Amaneceres rojos, atardeceres violetas

5. ¿Pesan mucho?

5. ¿Pesan mucho?

Le escuchaba relatar sus historias sin poder dejar de preguntarse quién era realmente aquel individuo y qué estaba haciendo allí. Siempre había pensado que los héroes de guerra vivían un retiro glorioso lleno de honores y comodidades, pero aquel no parecía ser el caso de Misha Morózov, esto es, si realmente era quien decía que era. Señaló una de las medallas que le colgaban del pecho, golpeándola suavemente con el dedo índice varias veces.

—Defensa de Stalingrado...

Los hombres le escuchaban absortos, las mujeres con muy poco interés. Abai se encontraba en la tercera fila de gente, junto a un hombre mayor que él que llevaba dos días viajando en el tren. Al otro lado, dos mujeres y un hombre jugaban a las cartas.

—Este pobre idiota vive para esto.

—¿Qué quiere decir?

Abai se mostró sorprendido ante el comentario de su compañero de viaje. Este dio una calada a su cigarrillo antes de responder.
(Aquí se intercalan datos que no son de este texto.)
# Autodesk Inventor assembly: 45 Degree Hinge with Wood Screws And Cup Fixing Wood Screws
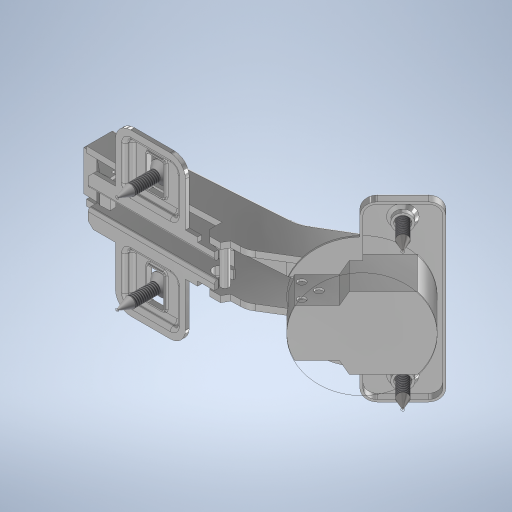
[picture p0: Inventor's stored thumbnail of the model, 512x512]
Saved by Autodesk Inventor 2024 (Build 280153000, 153)
## iProperties
Created: 2014-03-31
Part Number: 45 Degree Hinge with Wood Screws And Cup Fixing Wood Screws
Document SubType Name: Assembly
Designer: G. Kazokaitis
Author: G. Kazokaitis
## Documents named in this file (8)
- C:\W4INV 2024 Design\_LIBRARY\Hinges\45 DEGREE HINGE\45 Degree Hinge with Wood Screws And Cup Fixing Wood Screws.iam
- C:\W4INV 2024 Design\LIBRARY\Hinges\Parts\45 Degree hinge\Lever.ipt
- C:\W4INV 2024 Design\LIBRARY\Hinges\Parts\45 Degree hinge\Linkage.ipt
- C:\W4INV 2024 Design\LIBRARY\Hinges\45 DEGREE HINGE.iam
- C:\W4INV 2024 Design\_LIBRARY\Hinges\Parts\45 Degree hinge\Case and plate\45 degree Hinge with Wood Screw.ipt
- C:\W4INV 2024 Design\_LIBRARY\Hinges\Parts\45 Degree hinge\Cup for hinge\Cup for hinge with wood screws.ipt
- C:\W4INV 2023 Design\LIBRARY\Hinges\Parts\45 Degree hinge\Case and plate.ipt
- C:\W4INV 2023 Design\LIBRARY\Hinges\Parts\45 Degree hinge\Cup for hinge.ipt
## Components (4 placed, 4 different names)
1. 45 degree Hinge with Wood Screw:1 — Mate:1, Angle:1, Flush:1, Mate:3, Flush:2, Mate:4, Mate:5, Drive angle, Flush:3
2. Lever:1 — Mate:4, Mate:5, Mate:7, Mate:8
3. Linkage:1 — Mate:3, Flush:2, Mate:6
4. Cup for hinge with wood screws:1 — Mate:6, Mate:7, Mate:8, Drive angle
## Relationships (12: Mate 7, Flush 3, Angle 2)
- Mate:1: 45 degree Hinge with Wood Screw:1
- Angle:1 (0 deg): 45 degree Hinge with Wood Screw:1
- Flush:1 (8.575 mm): 45 degree Hinge with Wood Screw:1
- Mate:3: 45 degree Hinge with Wood Screw:1 ↔ Linkage:1
- Flush:2 (1.125 mm): 45 degree Hinge with Wood Screw:1 ↔ Linkage:1
- Mate:4: 45 degree Hinge with Wood Screw:1 ↔ Lever:1
- Mate:5 (1.3 mm): 45 degree Hinge with Wood Screw:1 ↔ Lever:1
- Mate:6: Linkage:1 ↔ Cup for hinge with wood screws:1
- Mate:7: Lever:1 ↔ Cup for hinge with wood screws:1
- Mate:8 (3.275 mm): Lever:1 ↔ Cup for hinge with wood screws:1
- Drive angle [Angle] (135 deg): 45 degree Hinge with Wood Screw:1 ↔ Cup for hinge with wood screws:1
- Flush:3 (-2.75 mm): 45 degree Hinge with Wood Screw:1
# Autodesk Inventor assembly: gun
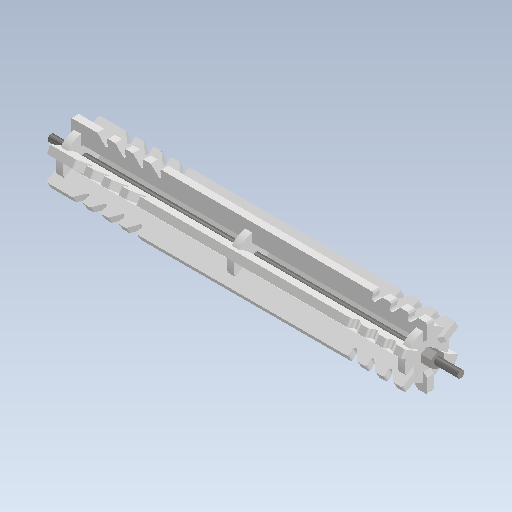
[picture p0: Inventor's stored thumbnail of the model, 512x512]
Saved by Autodesk Inventor 2020.1 (Build 241239000, 239)
## iProperties
Created: 2022-03-19
Part Number: gun
Document SubType Name: Assembly
Designer: User
Author: User
## Documents named in this file (5)
- D:\GitHub\TANK\3D-turret\gun.iam
- D:\GitHub\TANK\3D-turret\barrel_holder.ipt
- D:\GitHub\TANK\3D-turret\trunk.ipt
- D:\GitHub\TANK\3D-turret\ось пушки.ipt
- C:\Users\User\Documents\Inventor\Content Center Files\R2020\ru-RU\BS 4183(1)\BS 4183 - M4(1).ipt
## Components (16 placed, 4 different names)
1. barrel_holder:1 — Жесткий:7
2. barrel_holder:2 — Жесткий:1, Жесткий:2, Жесткий:3, Жесткий:4, Жесткий:5, Жесткий:6
3. trunk:1 — Жесткий:1, Жесткий:7
4. trunk:2 — Жесткий:2
5. trunk:3 — Жесткий:3
6. trunk:4 — Жесткий:4
7. trunk:5 — Жесткий:5
8. trunk:6 — Жесткий:6
9. BS 4183 - метрическая M4:1 — Жесткий:12
10. BS 4183 - метрическая M4:2 — Жесткий:13
11. BS 4183 - метрическая M4:3 — Жесткий:12, Жесткий:13
12. BS 4183 - метрическая M4:5 — Жесткий:15
13. BS 4183 - метрическая M4:6 — Жесткий:14
14. BS 4183 - метрическая M4:7 — Жесткий:14, Жесткий:15
15. ось пушки:1 — Жесткий:16
16. barrel_holder:3 — Жесткий:16
## Relationships (12: WeldJoint 12)
- Жесткий:1 [WeldJoint]: barrel_holder:2 ↔ trunk:1
- Жесткий:2 [WeldJoint]: barrel_holder:2 ↔ trunk:2
- Жесткий:3 [WeldJoint]: barrel_holder:2 ↔ trunk:3
- Жесткий:4 [WeldJoint]: barrel_holder:2 ↔ trunk:4
- Жесткий:5 [WeldJoint]: barrel_holder:2 ↔ trunk:5
- Жесткий:6 [WeldJoint]: barrel_holder:2 ↔ trunk:6
- Жесткий:7 [WeldJoint]: barrel_holder:1 ↔ trunk:1
- Жесткий:12 [WeldJoint]: BS 4183 - метрическая M4:1 ↔ BS 4183 - метрическая M4:3
- Жесткий:13 [WeldJoint]: BS 4183 - метрическая M4:2 ↔ BS 4183 - метрическая M4:3
- Жесткий:14 [WeldJoint]: BS 4183 - метрическая M4:6 ↔ BS 4183 - метрическая M4:7
- Жесткий:15 [WeldJoint]: BS 4183 - метрическая M4:5 ↔ BS 4183 - метрическая M4:7
- Жесткий:16 [WeldJoint]: ось пушки:1 ↔ barrel_holder:3

—Que esto es a lo que se dedica. Viaja en el tren de un lado para otro contando historias de la guerra y mostrando sus medallas.

—¿Quiere decir que se pasa el día viajando?

—Yo creo que vive en el tren.

—¿En serio?

—Es la tercera vez que hago este viaje. Siempre está aquí contando sus historias.

Abai volvió a mirarle: de repente su gorra de plato, su vieja guerrera y sus medallas parecían un disfraz. Se imaginó que dentro de él habitaba un anciano delgado y frágil en calzoncillos y camiseta de tirantes. Sonreía con frecuencia y le brillaban los ojos.

—¿Son verdaderas sus historias?

—Quién sabe... No importa mucho, ¿no?

—No, supongo que no.

Pensó que podría haberse escapado de algún hospital psiquiátrico, o quizá ya le habían dado el alta hospitalaria. “Cómo es posible que alguien viva en un tren... Si es veterano de guerra tendrá el pasaje gratis... ¿Y su familia?... Quizá no tiene familia. Tampoco hace mal a nadie...”. Empezó a parecerle un pobre viejo olvidado, un poco chiflado, necesitado de atención. Seguramente sus historias eran reales, como sus medallas, con pequeños cambios aquí y allá, alguna exageración, alguna omisión...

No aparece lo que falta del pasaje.